Data were analyzed using the Statistical Package for Social Sciences (SPSS) - PASW Statistics for Windows, Version 18.0 (SPSS Inc., Chicago, IL, USA). Normality of data was assessed using the Shapiro-Wilk test. Continuous co-variates were expressed as mean with standard deviation (SD) or median with interquartile range and compared between groups using the Student's t-test or Mann-Whitney U-test depending on their distribution. Discrete co-variates were expressed as frequencies and percentages and compared using Chi-square (χ2 ) or Fisher's exact test.

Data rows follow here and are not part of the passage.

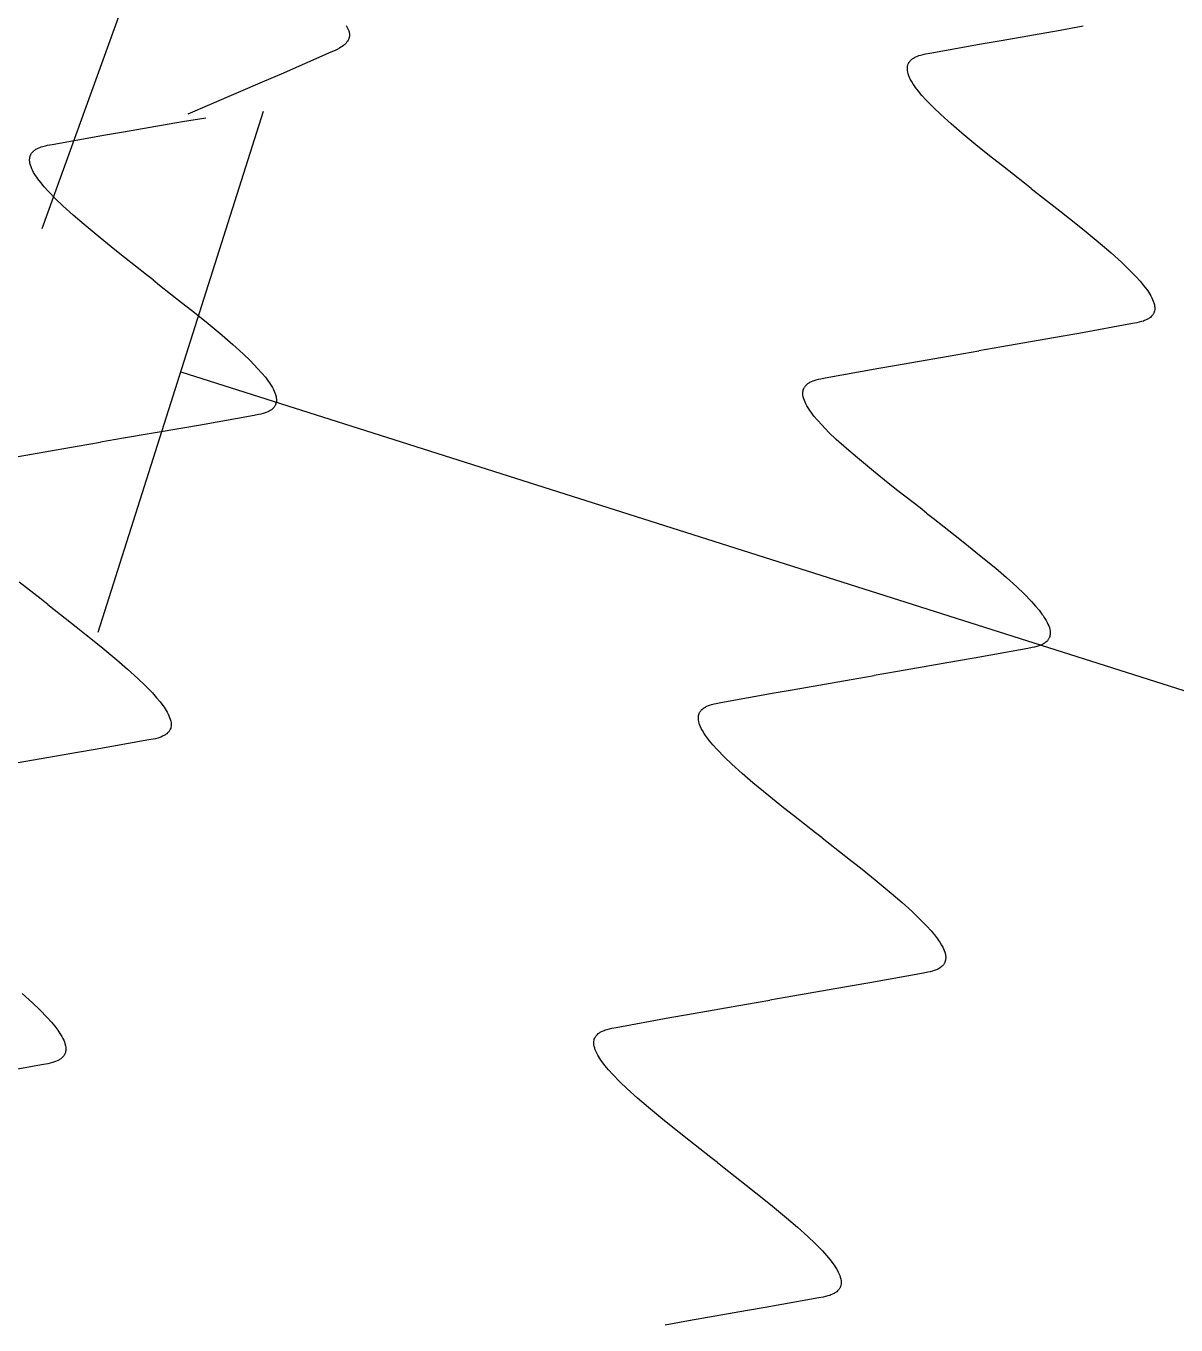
# Model space of a CAD drawing. Extents: x 10098 to 11902, y 8648 to 10202.
# Drawn here: x 11268.77 to 11270.874, y 9094.042 to 9096.418 of the extents above; entities that cross this region are included whole.
import ezdxf

# ---------------------------------------------------------------- set-up
doc = ezdxf.new("R2010")
doc.units = 0
doc.layers.add('49_Проекты', color=7, linetype='Continuous')

msp = doc.modelspace()

# ---------------------------------------------------------------- linework, layer by layer
at = {"layer": '49_Проекты', "color": 8, "linetype": 'Continuous', "lineweight": 30}
for p, q in [((11270.0002, 9099.369), (11268.7989, 9096.0464)), ((11269.3557, 9096.4187), (11269.3575, 9096.4159)), ((11269.3575, 9096.4159), (11269.3593, 9096.4124)), ((11269.3593, 9096.4124), (11269.3603, 9096.4101)), ((11269.3603, 9096.4101), (11269.3608, 9096.4086)), ((11269.3608, 9096.4086), (11269.3613, 9096.4071)), ((11269.3613, 9096.4071), (11269.3616, 9096.4054)), ((11270.5543, 9096.3914), (11270.6625, 9096.4103)), ((11270.6625, 9096.4103), (11270.7048, 9096.4177)), ((11269.3522, 9096.383), (11269.3511, 9096.3821)), ((11269.3534, 9096.384), (11269.3522, 9096.383)), ((11269.3547, 9096.3852), (11269.3534, 9096.384)), ((11269.3557, 9096.3863), (11269.3547, 9096.3852)), ((11269.3565, 9096.3872), (11269.3557, 9096.3863)), ((11269.3574, 9096.3884), (11269.3565, 9096.3872)), ((11269.3587, 9096.3901), (11269.3574, 9096.3884)), ((11269.3595, 9096.3916), (11269.3587, 9096.3901)), ((11269.3602, 9096.393), (11269.3595, 9096.3916)), ((11269.3607, 9096.3941), (11269.3602, 9096.393)), ((11269.3611, 9096.3952), (11269.3607, 9096.3941)), ((11269.3614, 9096.3962), (11269.3611, 9096.3952)), ((11269.3617, 9096.3974), (11269.3614, 9096.3962)), ((11269.3616, 9096.4054), (11269.3619, 9096.4041)), ((11269.3618, 9096.3982), (11269.3617, 9096.3974)), ((11269.362, 9096.4002), (11269.3618, 9096.3982)), ((11269.3619, 9096.4041), (11269.362, 9096.402)), ((11269.362, 9096.402), (11269.362, 9096.4002)), ((11270.4238, 9096.368), (11270.5218, 9096.3859)), ((11270.5218, 9096.3859), (11270.5543, 9096.3914)), ((11269.3281, 9096.3697), (11269.2369, 9096.3297)), ((11269.3356, 9096.373), (11269.3281, 9096.3697)), ((11269.3394, 9096.3749), (11269.3356, 9096.373)), ((11269.3435, 9096.377), (11269.3394, 9096.3749)), ((11269.3465, 9096.3789), (11269.3435, 9096.377)), ((11269.3484, 9096.3801), (11269.3465, 9096.3789)), ((11269.3511, 9096.3821), (11269.3484, 9096.3801)), ((11270.3944, 9096.3591), (11270.3959, 9096.36)), ((11270.3959, 9096.36), (11270.3973, 9096.3607)), ((11270.3973, 9096.3607), (11270.3986, 9096.3614)), ((11270.3986, 9096.3614), (11270.4016, 9096.3626)), ((11270.4016, 9096.3626), (11270.4037, 9096.3634)), ((11270.4037, 9096.3634), (11270.4071, 9096.3645)), ((11270.4071, 9096.3645), (11270.4116, 9096.3657)), ((11270.4116, 9096.3657), (11270.4158, 9096.3665)), ((11270.4158, 9096.3665), (11270.4238, 9096.368)), ((11270.3829, 9096.3411), (11270.383, 9096.3425)), ((11270.3829, 9096.3394), (11270.3829, 9096.3411)), ((11270.3829, 9096.3378), (11270.3829, 9096.3394)), ((11270.3832, 9096.3362), (11270.3829, 9096.3378)), ((11270.383, 9096.3425), (11270.3833, 9096.3445)), ((11270.3836, 9096.3337), (11270.3832, 9096.3362)), ((11270.3833, 9096.3445), (11270.3838, 9096.3463)), ((11270.3838, 9096.3463), (11270.3844, 9096.3482)), ((11270.3844, 9096.3482), (11270.3847, 9096.3489)), ((11270.3847, 9096.3489), (11270.3853, 9096.35)), ((11270.3853, 9096.35), (11270.3858, 9096.3509)), ((11270.3858, 9096.3509), (11270.3865, 9096.3519)), ((11270.3865, 9096.3519), (11270.3872, 9096.3529)), ((11270.3872, 9096.3529), (11270.3882, 9096.3541)), ((11270.3882, 9096.3541), (11270.3894, 9096.3553)), ((11270.3894, 9096.3553), (11270.391, 9096.3567)), ((11270.391, 9096.3567), (11270.3922, 9096.3576)), ((11270.3922, 9096.3576), (11270.3931, 9096.3583)), ((11270.3931, 9096.3583), (11270.3944, 9096.3591)), ((11269.2065, 9096.3168), (11269.1057, 9096.2734)), ((11269.2369, 9096.3297), (11269.2065, 9096.3168)), ((11270.3845, 9096.3299), (11270.3836, 9096.3337)), ((11270.3856, 9096.3268), (11270.3845, 9096.3299)), ((11270.3869, 9096.3236), (11270.3856, 9096.3268)), ((11270.3883, 9096.3207), (11270.3869, 9096.3236)), ((11270.3903, 9096.317), (11270.3883, 9096.3207)), ((11270.3937, 9096.3114), (11270.3903, 9096.317)), ((11270.3958, 9096.3082), (11270.3937, 9096.3114)), ((11270.398, 9096.3052), (11270.3958, 9096.3082)), ((11270.4033, 9096.2983), (11270.398, 9096.3052)), ((11270.4096, 9096.2907), (11270.4033, 9096.2983)), ((11270.4174, 9096.2821), (11270.4096, 9096.2907)), ((11269.1057, 9096.2734), (11269.0662, 9096.2564)), ((11270.4306, 9096.2684), (11270.4174, 9096.2821)), ((11270.444, 9096.2556), (11270.4306, 9096.2684)), ((11268.902, 9095.3089), (11269.2049, 9096.262)), ((11268.9483, 9096.224), (11269.0566, 9096.2427)), ((11269.0566, 9096.2427), (11269.0989, 9096.2499)), ((11270.4629, 9096.2386), (11270.444, 9096.2556)), ((11268.8178, 9096.201), (11268.9158, 9096.2186)), ((11268.9158, 9096.2186), (11268.9483, 9096.224)), ((11270.4826, 9096.2217), (11270.4629, 9096.2386)), ((11270.5121, 9096.1973), (11270.4826, 9096.2217)), ((11268.7883, 9096.1921), (11268.7899, 9096.193)), ((11268.7899, 9096.193), (11268.7912, 9096.1937)), ((11268.7912, 9096.1937), (11268.7925, 9096.1943)), ((11268.7925, 9096.1943), (11268.7956, 9096.1956)), ((11268.7956, 9096.1956), (11268.7977, 9096.1964)), ((11268.7977, 9096.1964), (11268.8011, 9096.1975)), ((11268.8011, 9096.1975), (11268.8056, 9096.1986)), ((11268.8056, 9096.1986), (11268.8097, 9096.1995)), ((11268.8097, 9096.1995), (11268.8178, 9096.201)), ((11270.5389, 9096.1758), (11270.5121, 9096.1973)), ((11268.7768, 9096.1741), (11268.7769, 9096.1755)), ((11268.7768, 9096.1724), (11268.7768, 9096.1741)), ((11268.7768, 9096.1708), (11268.7768, 9096.1724)), ((11268.777, 9096.1692), (11268.7768, 9096.1708)), ((11268.7769, 9096.1755), (11268.7772, 9096.1775)), ((11268.7774, 9096.1667), (11268.777, 9096.1692)), ((11268.7772, 9096.1775), (11268.7777, 9096.1793)), ((11268.7777, 9096.1793), (11268.7784, 9096.1812)), ((11268.7784, 9096.1812), (11268.7787, 9096.1819)), ((11268.7787, 9096.1819), (11268.7792, 9096.183)), ((11268.7792, 9096.183), (11268.7798, 9096.1839)), ((11268.7798, 9096.1839), (11268.7804, 9096.1849)), ((11268.7804, 9096.1849), (11268.7811, 9096.1859)), ((11268.7811, 9096.1859), (11268.7821, 9096.1871)), ((11268.7821, 9096.1871), (11268.7833, 9096.1883)), ((11268.7833, 9096.1883), (11268.7849, 9096.1897)), ((11268.7849, 9096.1897), (11268.7861, 9096.1906)), ((11268.7861, 9096.1906), (11268.7871, 9096.1913)), ((11268.7871, 9096.1913), (11268.7883, 9096.1921)), ((11270.5569, 9096.1616), (11270.5389, 9096.1758)), ((11268.7784, 9096.163), (11268.7774, 9096.1667)), ((11268.7795, 9096.1598), (11268.7784, 9096.163)), ((11268.7808, 9096.1566), (11268.7795, 9096.1598)), ((11268.7822, 9096.1538), (11268.7808, 9096.1566)), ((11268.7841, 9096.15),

Due to non-normal distributions of TNF-α, IL-6 and TGF-β, nonparametric test (Mann-Whitney U-test) was used to compare their levels at baseline between cases and controls and between genders. All statistical analysis was done at 95% confidence interval and P < 0.05 was considered significant.

   Results Top

The mean (±SD) age of the cases was 35.51 (±8.99) while that of the controls was 35.07 (±8.87) and were not significantly different (t = 0.239, P = 0.812). The gender distribution of the two groups (34 females and 21 males among the cases and 29 females and 13 males among controls) were also similar (χ2 = 0.736, df = 1, P = 0.391). The distribution of other baseline sociodemographics among cases is shown in [Table 1].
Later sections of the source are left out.